Monday, January 11, 2021

The Kingsport Kid Who Bested Steve Spurrier

 

"Boby" Prater in 1961 D-B yearbook


Boby grew up in tough circumstances, raised on Myrtle Street by a single mom who worked two and three jobs to support him and his little brother Michael.

But he had a gift, an incredible right leg that could boom punts and nail field goals.

And on one November night in 1960 he turned the heads of University of Tennessee football scouts who had come to the Science Hill-Dobyns-Bennett game to check out a young Science Hill punter named Steve Spurrier and instead left shaking their heads over the amazing punting skills of one Roy “Boby” Prater.

Boby Prater died last week at the age of 78.

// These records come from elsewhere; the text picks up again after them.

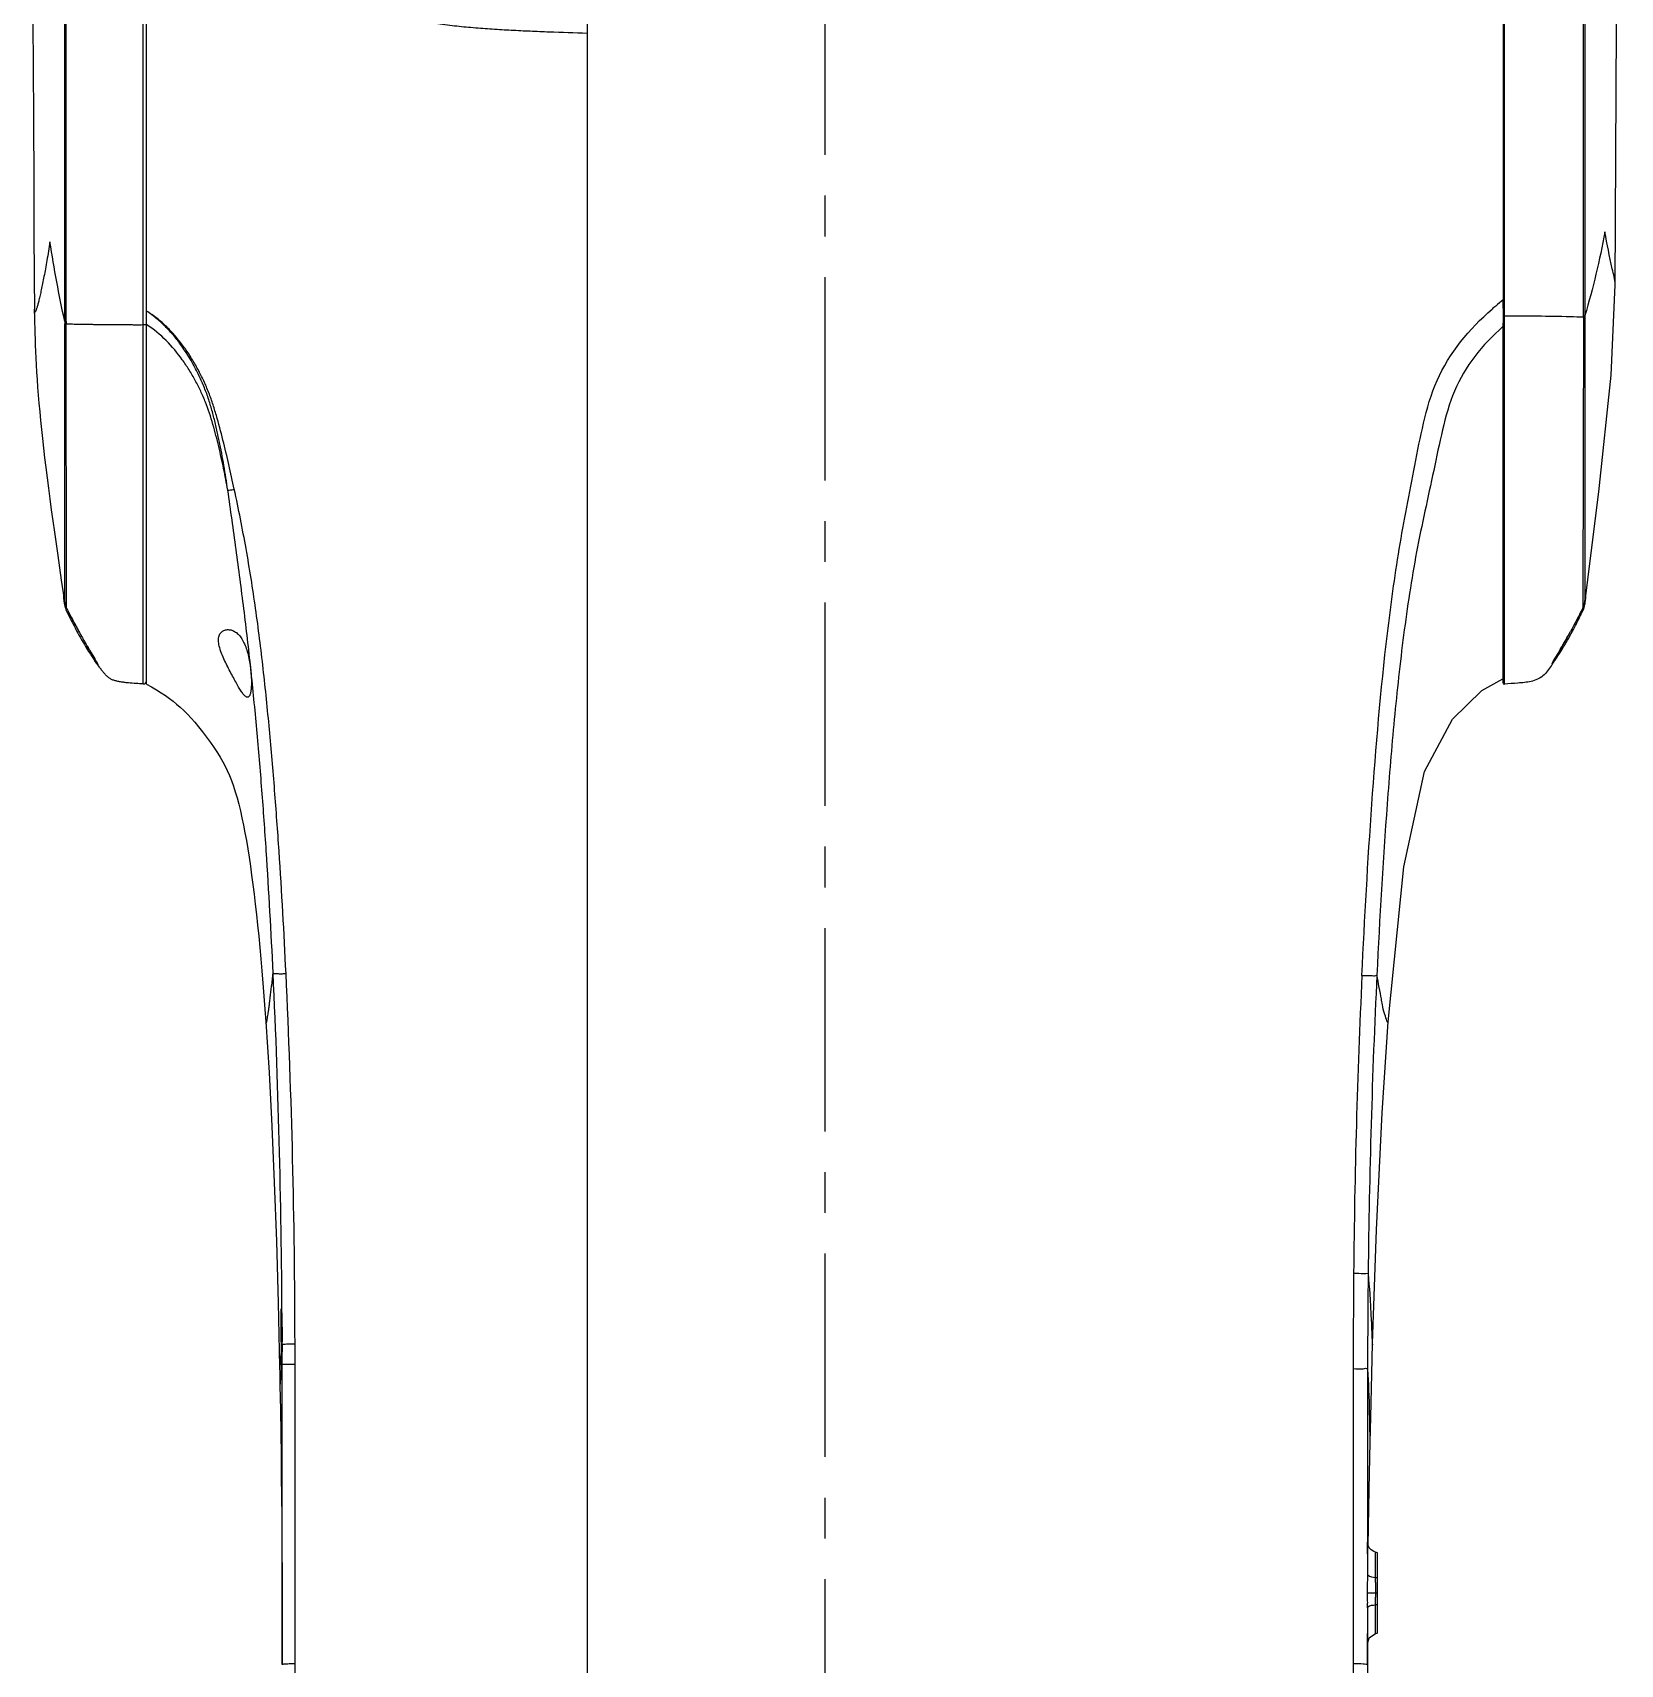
# Model space of a CAD drawing. Header units: millimetres. Extents: x 4086 to 8300, y 123 to 1549.
# Drawn here: x 6706.8 to 6765.4, y 737.1 to 797.2 of the extents above; entities that cross this region are included whole.
import ezdxf

# ---------------------------------------------------------------- set-up
doc = ezdxf.new("R2010")
doc.units = ezdxf.units.MM
doc.linetypes.add('CENTER', pattern=[0.6, 0.375, -0.075, 0.075, -0.075])
doc.layers.add('中心线', color=7, linetype='Continuous')
doc.layers.add('外形图', color=7, linetype='Continuous')

msp = doc.modelspace()

# ---------------------------------------------------------------- linework, layer by layer
at = {"layer": '中心线', "linetype": 'CENTER', "ltscale": 20}
msp.add_line((6736.0291, 872.2393), (6736.0291, 620.0144), dxfattribs=at)
at = {"layer": '外形图'}
for p, q in [((6710.8976, 786.4871), (6710.8976, 844.8563)), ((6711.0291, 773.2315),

But when he was a teenager he was a key contributor on two D-B state championship football teams.

 

1960 D-B vs. Science Hill football program (from the Jim Beck football program collection)

 

I wrote about Boby – pronounced BO-bee - in an Oct. 27, 2006 column:

 

If you’ve ever wondered why Steve Spurrier, the Science Hill football star, didn’t stay in the Volunteer state and play for University of Tennessee, I have the answer, or at least part of it. (The other part was that UT ran a passing unfriendly offense back then called the single wing.)

Why didn’t Spurrier go to UT?

Boby Prater.

In the late fifties Boby was a football star at D-B and a punter extraordinaire.


Headline from Nov. 1960

Let’s let Boby pick up the story from here. “UT was looking for a punter. The week before they had seen Steve. They came and watched us both the next week.”

UT’s football scouts at the time thought Boby was their man. “They said they’d rather have me as Steve so they didn’t offer Steve a scholarship.”

So Steve Spurrier left the state for the University of Florida and has never really been back, except to torment Phil Fulmer.

As it turned out Boby didn’t punt for UT either. Boby dropped out of school after his junior year in 1961 to join the Navy. “That was probably one of the biggest mistakes of my life.”

Why did he abandon a promising football career? “I haven’t really told this much before but I had a younger brother. It was just my mother and younger brother and me. She was working two and three jobs to keep us in school. It was a struggle for her. I was too young to work and make any money. So I joined the service. She signed for me at 17 to join up.”

It turned out Boby didn’t give up football, just football in east Tennessee.

He spent his four years in the Navy playing football. “I played on the Navy team. We’d play around San Diego and then when that season was over we’d go over to Japan and play in a service league there.”

This was in the early sixties just after the American Football League had formed and placed a team nearby, the San Diego Chargers. “I tried out for (Chargers coach and general manager) Sid Gilman and made the team as a punter. They tried to get me out of the service on a hardship but the Navy wouldn’t let them. I had a spot to go back to the next year when I got out but I got married instead. That was my other big mistake.”

Boby got out of the service before he was even 21. “I wasn’t even old enough to drink.”

He came back to Kingsport for one year but ended up going back to California. He lived there and in Arizona 1995 when he moved back home.

He started a catering business, then expanded to a barbecue concession stand on Jonesborough’s main street. And on Oct. 31, 2006 he opened a full-scale barbecue restaurant, Boby’s Boogie Pig Bar-B-Q, on Highway 126 in Blountville.

Boby won’t make tonight’s D-B-Science Hill game. He’s got too much work renovating the barbecue building. But he still remembers that long ago game when the scouts compared him to Steve Spurrier and picked him.

 

Boby Prater 1942-2021

Here’s how the Kingsport Times-News' Frank Creasy described the Spurrier-Prater punting duel in that 1960 game:

“Aside from the running of D-B’s Charles Sproles and Science Hill’s Bill Bailey, the fans thrilled to the spectacular punts of Boby Prater and Steve Spurrier.

“With D-B in a situation of fourth down and three yards to go from its own 14 with two minutes left Prater boomed a spiral 60 yards downfield to seal the 'Toppers fate. The lanky Tribe junior toed another 47 yards in a crucial fourth-period situation and averaged 41 yards for five kicks in the game.

“Spurrier was only a shade behind with seven punts for 35.6 yard average, including one which was reduced to 10 yards by a bounce into the end zone.”

 

Boby also played halfback and here he is carrying the ball  against Knox Fulton in 1960

As for Boby’s Blountville barbecue joint, it lasted a couple of years – the restaurant business is a tough business – and Boby went back to his Jonesborough concession stand.

He told me in 2006, “Not a day goes by that I don’t think about Dobyns-Bennett football.”

 

1960 D-B team photo: Jerry Beck, Boby Prater, Johnny Shipley

There are other stories about why Steve Spurrier went to the University of Florida instead of the University of Tennessee and I’ve heard them, too. But I like this one the best.